START MATERIAL FOR THE TASK

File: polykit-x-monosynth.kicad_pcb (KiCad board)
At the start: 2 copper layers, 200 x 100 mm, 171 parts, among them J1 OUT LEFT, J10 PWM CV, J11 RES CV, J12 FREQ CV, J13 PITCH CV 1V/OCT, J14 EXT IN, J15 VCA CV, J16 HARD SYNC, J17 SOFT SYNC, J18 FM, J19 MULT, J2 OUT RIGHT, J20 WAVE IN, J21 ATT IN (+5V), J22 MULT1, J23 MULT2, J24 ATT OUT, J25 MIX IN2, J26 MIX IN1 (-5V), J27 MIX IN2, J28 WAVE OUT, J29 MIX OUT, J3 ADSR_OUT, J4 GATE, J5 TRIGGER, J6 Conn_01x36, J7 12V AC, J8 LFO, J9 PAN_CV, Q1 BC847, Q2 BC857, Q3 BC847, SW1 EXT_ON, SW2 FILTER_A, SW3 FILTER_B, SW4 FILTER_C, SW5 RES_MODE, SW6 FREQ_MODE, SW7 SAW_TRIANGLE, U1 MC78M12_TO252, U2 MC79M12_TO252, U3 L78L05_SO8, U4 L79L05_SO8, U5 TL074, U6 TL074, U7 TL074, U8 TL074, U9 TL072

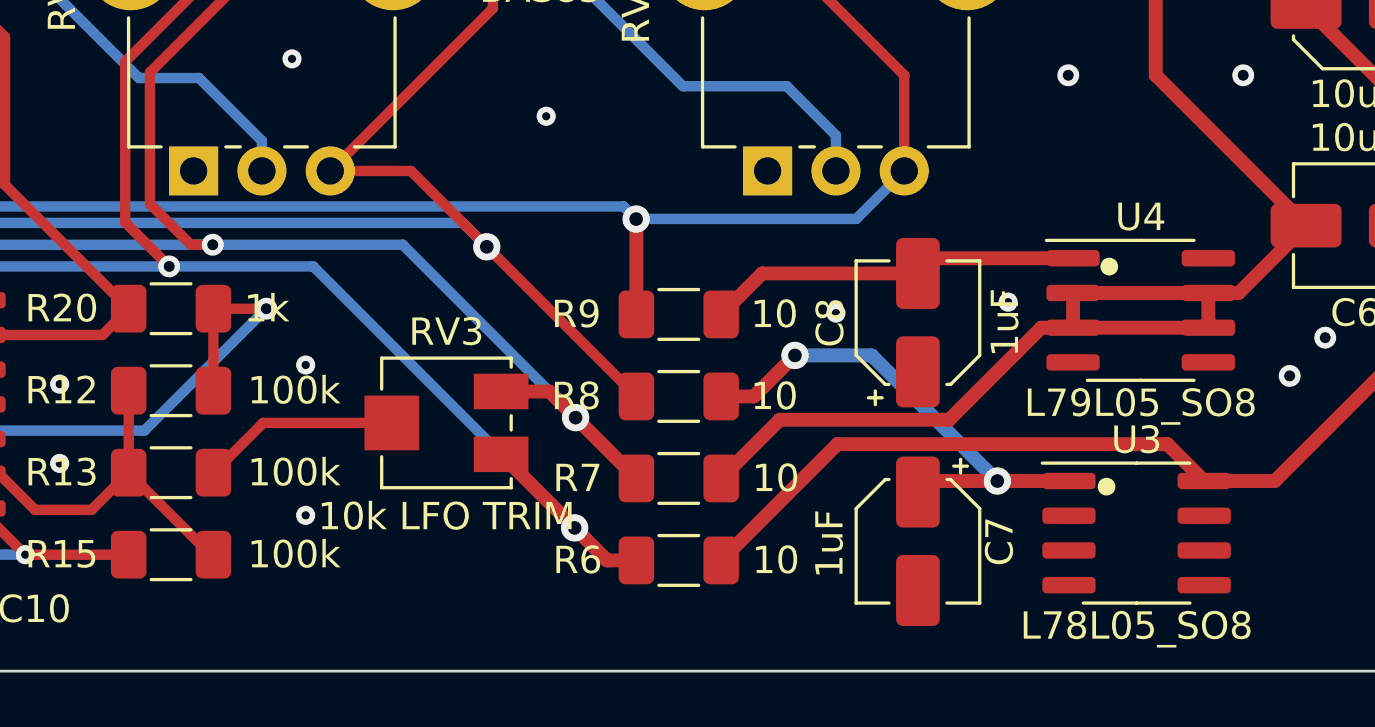
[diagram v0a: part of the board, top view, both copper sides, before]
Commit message: Fix power supply, add schematics pdf
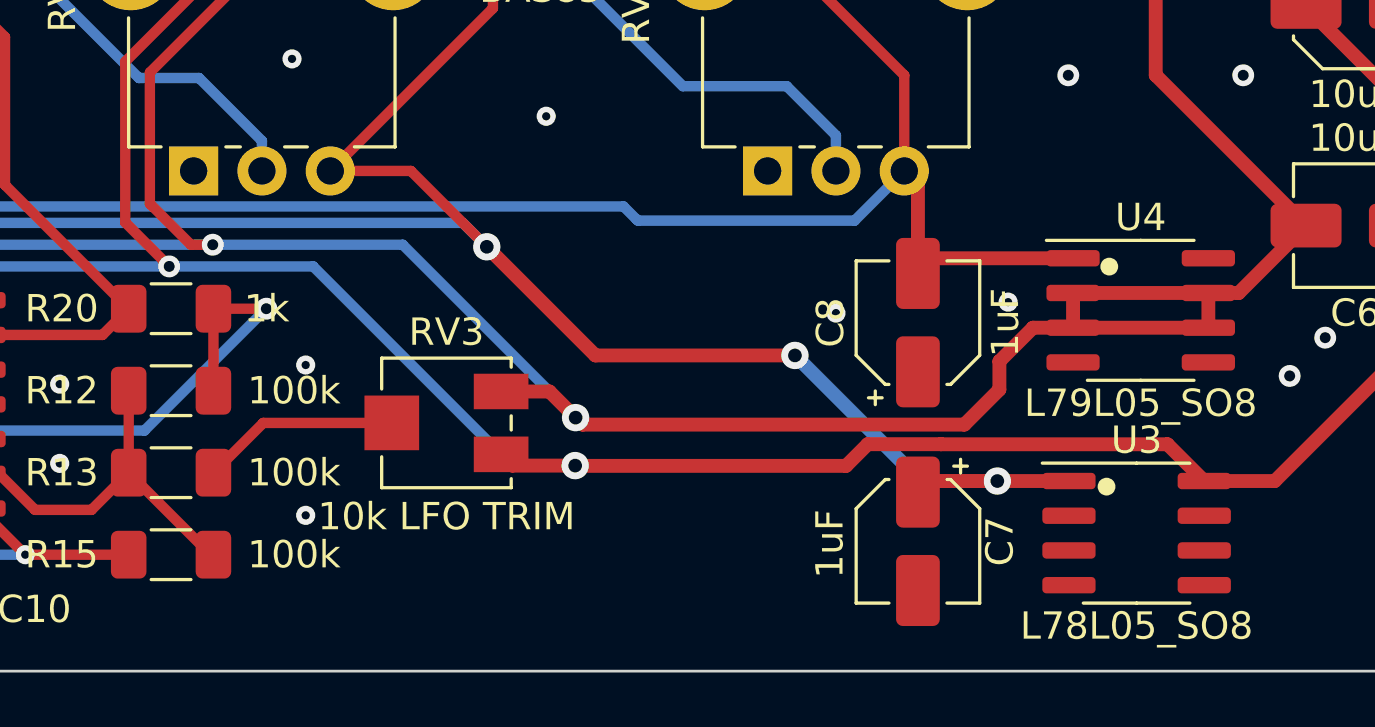
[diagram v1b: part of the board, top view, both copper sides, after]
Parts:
- removed R6, R7, R8, R9: 10, Resistor_SMD:R_1206_3216Metric_Pad1.30x1.75mm_HandSolder
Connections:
- C5 pad 1: Net-(C5-Pad1) -> +12V
- C6 pad 2: Net-(C6-Pad2) -> -12V
- C7 pad 1: Net-(C7-Pad1) -> +5V
- C8 pad 2: Net-(C8-Pad2) -> -5V
- U1 pad 3: Net-(C5-Pad1) -> +12V
- U2 pad 3: Net-(C6-Pad2) -> -12V
- U3 pad 1: Net-(C7-Pad1) -> +5V
- U3 pad 8: Net-(C5-Pad1) -> +12V
- U4 pad 1: Net-(C8-Pad2) -> -5V
- U4 pad 2: Net-(C6-Pad2) -> -12V
- U4 pad 3: Net-(C6-Pad2) -> -12V
- U4 pad 6: Net-(C6-Pad2) -> -12V
- U4 pad 7: Net-(C6-Pad2) -> -12V
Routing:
- net -12V: track 313.8 -> 385.5 mm
- net Net-(C6-Pad2): track 69.6 -> 0.00 mm
- net Net-(C5-Pad1): track 56.2 -> 0.00 mm
- net +12V: track 313.2 -> 368.7 mm
- net +5V: track 541.5 -> 561.7 mm, vias 5 -> 7
- net Net-(C7-Pad1): track 18.3 -> 0.00 mm, vias 2 -> 0
- net Net-(C8-Pad2): track 13.7 -> 0.00 mm
- net -5V: track 323.7 -> 330.1 mm, vias 3 -> 2
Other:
- board text added: "Polykit X1 v0.0.3 Jan Knipper 2022 github.com/polykit"
- board text removed: "Polykit X1 v0.0.2 Jan Knipper 2022 github.com/polykit"

END MATERIAL FOR THE TASK

- TO DO
Task for the records above: copy every line in which the word "diagram" occurs.

- EXERCISE RESULT
[diagram v0a: part of the board, top view, both copper sides, before]
[diagram v1b: part of the board, top view, both copper sides, after]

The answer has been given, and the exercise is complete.